Assignment. Take the line that contains "- net CHG_500_EN1: now reaches IC1.18 (PA1)" and all lines after it, up to and including the last line of the data, and write them out exactly; nothing else belongs in the answer.

Data to examine.
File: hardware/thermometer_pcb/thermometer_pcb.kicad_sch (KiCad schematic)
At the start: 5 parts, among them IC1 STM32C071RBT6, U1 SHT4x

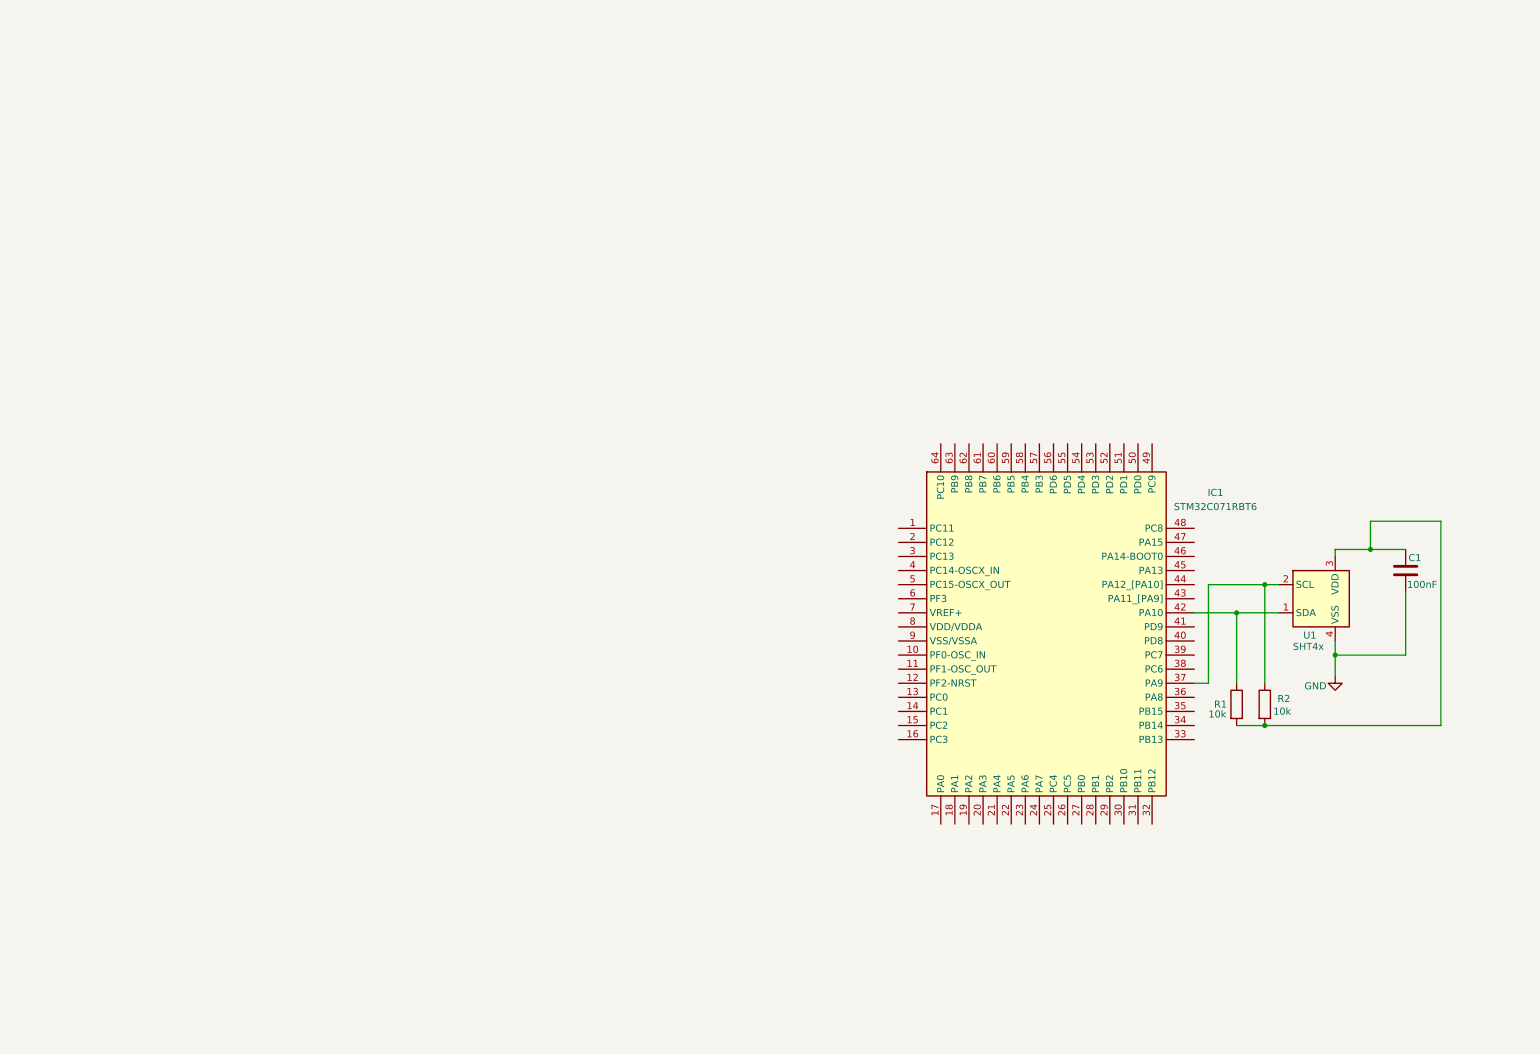
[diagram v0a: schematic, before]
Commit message: Added USB-C, 1x05 pin connector for SWD, refactoring
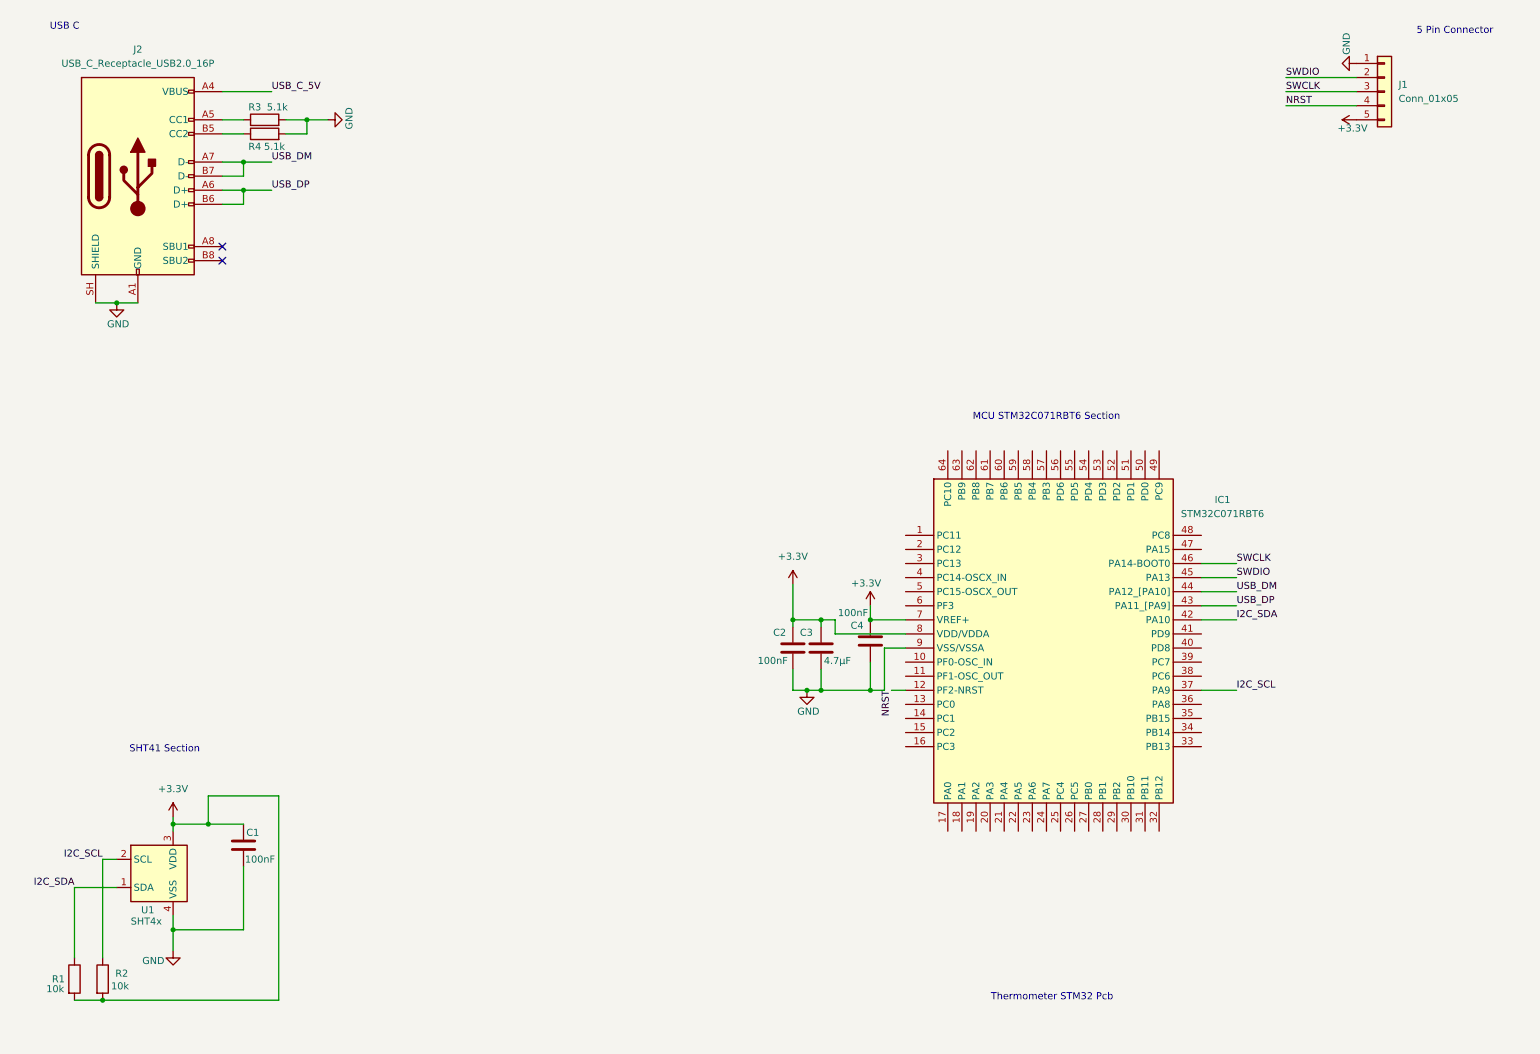
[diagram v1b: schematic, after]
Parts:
- added C2, C4: 100nF, symbol Device:C
- added C3: 4.7µF, symbol Device:C
- added J1: Conn_01x05, symbol Connector_Generic:Conn_01x05
- added J2: USB_C_Receptacle_USB2.0_16P, symbol Connector:USB_C_Receptacle_USB2.0_16P
- added R3, R4: 5.1k, Package_DIP:DIP-8_W7.62mm, symbol Device:R
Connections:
- net GND: now also IC1.9 (VSS/VSSA), C2.1, C3.1, C4.1, J1.1 (Pin_1), J2.A1 (GND), J2.A12 (GND), J2.B1 (GND), J2.B12 (GND), J2.SH (SHIELD), R3.2, R4.2
- net I2C_SDA: now reaches IC1.42 (PA10), R1.1, U1.1 (SDA)
- net I2C_SCL: now reaches IC1.37 (PA9), R2.1, U1.2 (SCL)
- net +3.3V: now reaches C1.2, R1.2, R2.2, U1.3 (VDD)
- net +3.3V: now also IC1.7 (VREF+), IC1.8 (VDD/VDDA), C2.2, C3.2, C4.2, J1.5 (Pin_5)
- net NRST: now reaches IC1.12 (PF2-NRST)
- net NRST: now also J1.4 (Pin_4)
- net USB_DP: now reaches IC1.43 (PA11_[PA9])
- net USB_DP: now also J2.A6 (D+), J2.B6 (D+)
- net USB_DM: now reaches IC1.44 (PA12_[PA10])
- net USB_DM: now also J2.A7 (D-), J2.B7 (D-)
- net SWDIO: now reaches IC1.45 (PA13)
- net SWDIO: now also J1.2 (Pin_2)
- net SWCLK: now reaches IC1.46 (PA14-BOOT0)
- net SWCLK: now also J1.3 (Pin_3)
- new net: J2.B5 (CC2), R4.1
- new net: J2.A5 (CC1), R3.1
- new net USB_C_5V: J2.A4 (VBUS), J2.A9 (VBUS), J2.B4 (VBUS), J2.B9 (VBUS)
- no-connect marks 0 -> 2
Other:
- note added: "5 Pin Connector"
- note added: "MCU STM32C071RBT6 Section"
- note added: "SHT41 Section"
- note added: "Thermometer STM32 Pcb"
- note added: "USB C"
- moved on the sheet: C1, IC1, R1, R2, U1

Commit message: started working on the charging circuit BQ24074RGTT
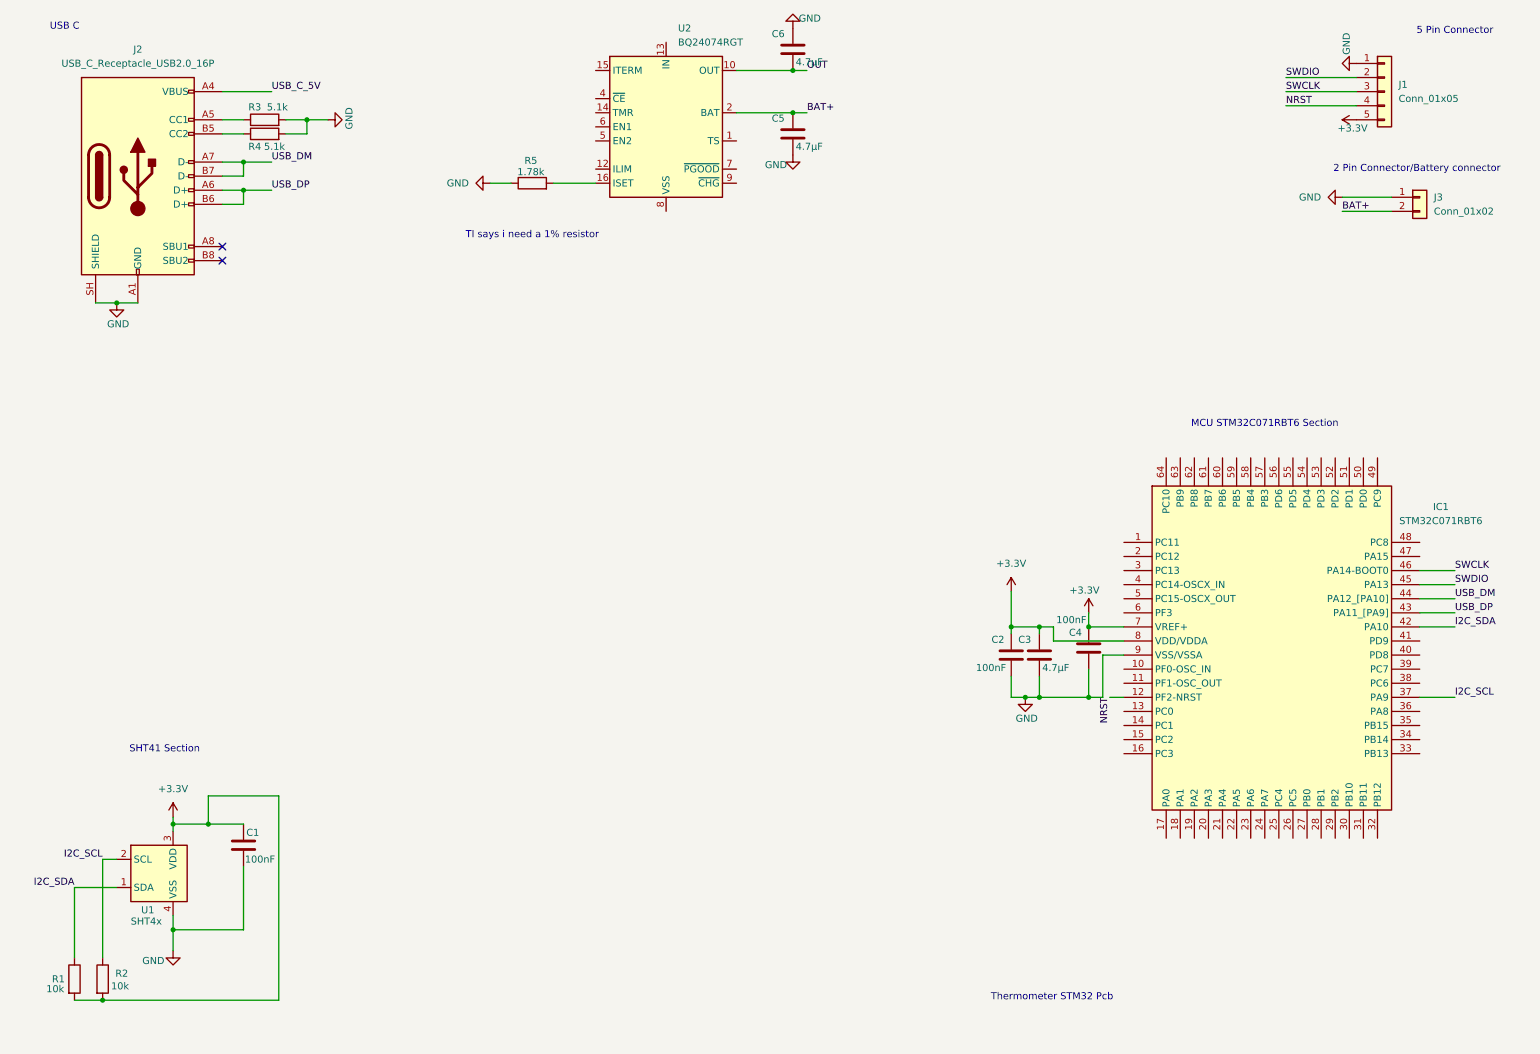
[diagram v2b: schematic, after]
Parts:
- added C5, C6: 4.7µF, symbol Device:C
- added J3: Conn_01x02, Connector_JST:JST_SH_SM02B-SRSS-TB_1x02-1MP_P1.00mm_Horizontal, symbol Connector_Generic:Conn_01x02
- added R5: 1.78k, symbol Device:R
- added U2: BQ24074RGT, Package_DFN_QFN:VQFN-16-1EP_3x3mm_P0.5mm_EP1.6x1.6mm, symbol Battery_Management:BQ24074RGT
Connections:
- net GND: now also C5.1, C6.2, J3.1 (Pin_1), R5.1
- new net: R5.2, U2.16 (ISET)
- new net: U2.17 (VSS), U2.8 (VSS)
- new net BAT+: C5.2, J3.2 (Pin_2), U2.2 (BAT), U2.3 (BAT)
- new net OUT: C6.1, U2.10 (OUT), U2.11 (OUT)
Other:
- note added: "2 Pin Connector/Battery connector"
- note added: "TI says i need a 1% resistor"
- moved on the sheet: C2, C3, C4, IC1

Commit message: finished implementing BQ24074.(for the first prototype)
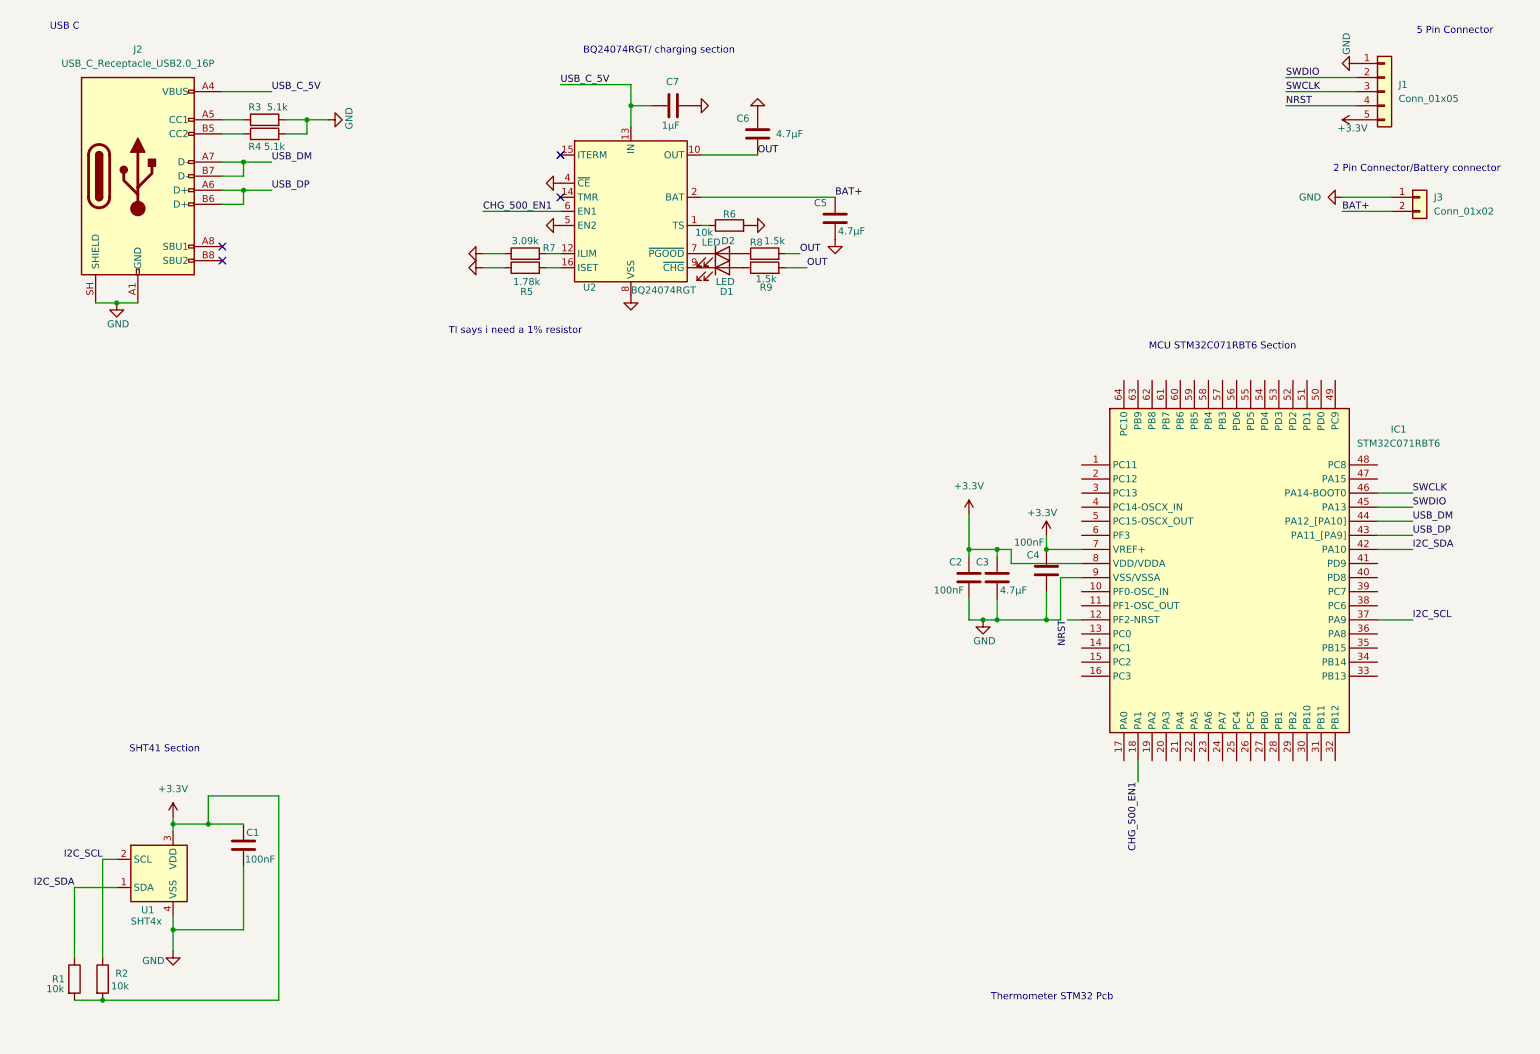
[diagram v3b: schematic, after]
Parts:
- added C7: 1µF, symbol Device:C
- added D1, D2: LED, symbol Device:LED
- added R6: 10k, symbol Device:R
- added R7: 3.09k, symbol Device:R
- added R8, R9: 1.5k, symbol Device:R
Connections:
- net GND: now also U2.17 (VSS), U2.4 (~{CE}), U2.5 (EN2), U2.8 (VSS), C7.2, R6.2, R7.1
- net OUT: now also R8.2, R9.2
- net USB_C_5V: now also U2.13 (IN), C7.1
- net CHG_500_EN1: now reaches IC1.18 (PA1)
- net CHG_500_EN1: now also U2.6 (EN1)
- net at U2.1 (TS): now also R6.1
- net at U2.12 (ILIM): now also R7.2
- net at U2.7 (~{PGOOD}): now also D2.1 (K)
- net at U2.9 (~{CHG}): now also D1.1 (K)
- new net: D2.2 (A), R8.1
- new net: D1.2 (A), R9.1
- no-connect marks 2 -> 4
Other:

Reply to the exercise.
- net CHG_500_EN1: now reaches IC1.18 (PA1)
- net CHG_500_EN1: now also U2.6 (EN1)
- net at U2.1 (TS): now also R6.1
- net at U2.12 (ILIM): now also R7.2
- net at U2.7 (~{PGOOD}): now also D2.1 (K)
- net at U2.9 (~{CHG}): now also D1.1 (K)
- new net: D2.2 (A), R8.1
- new net: D1.2 (A), R9.1
- no-connect marks 2 -> 4
Other:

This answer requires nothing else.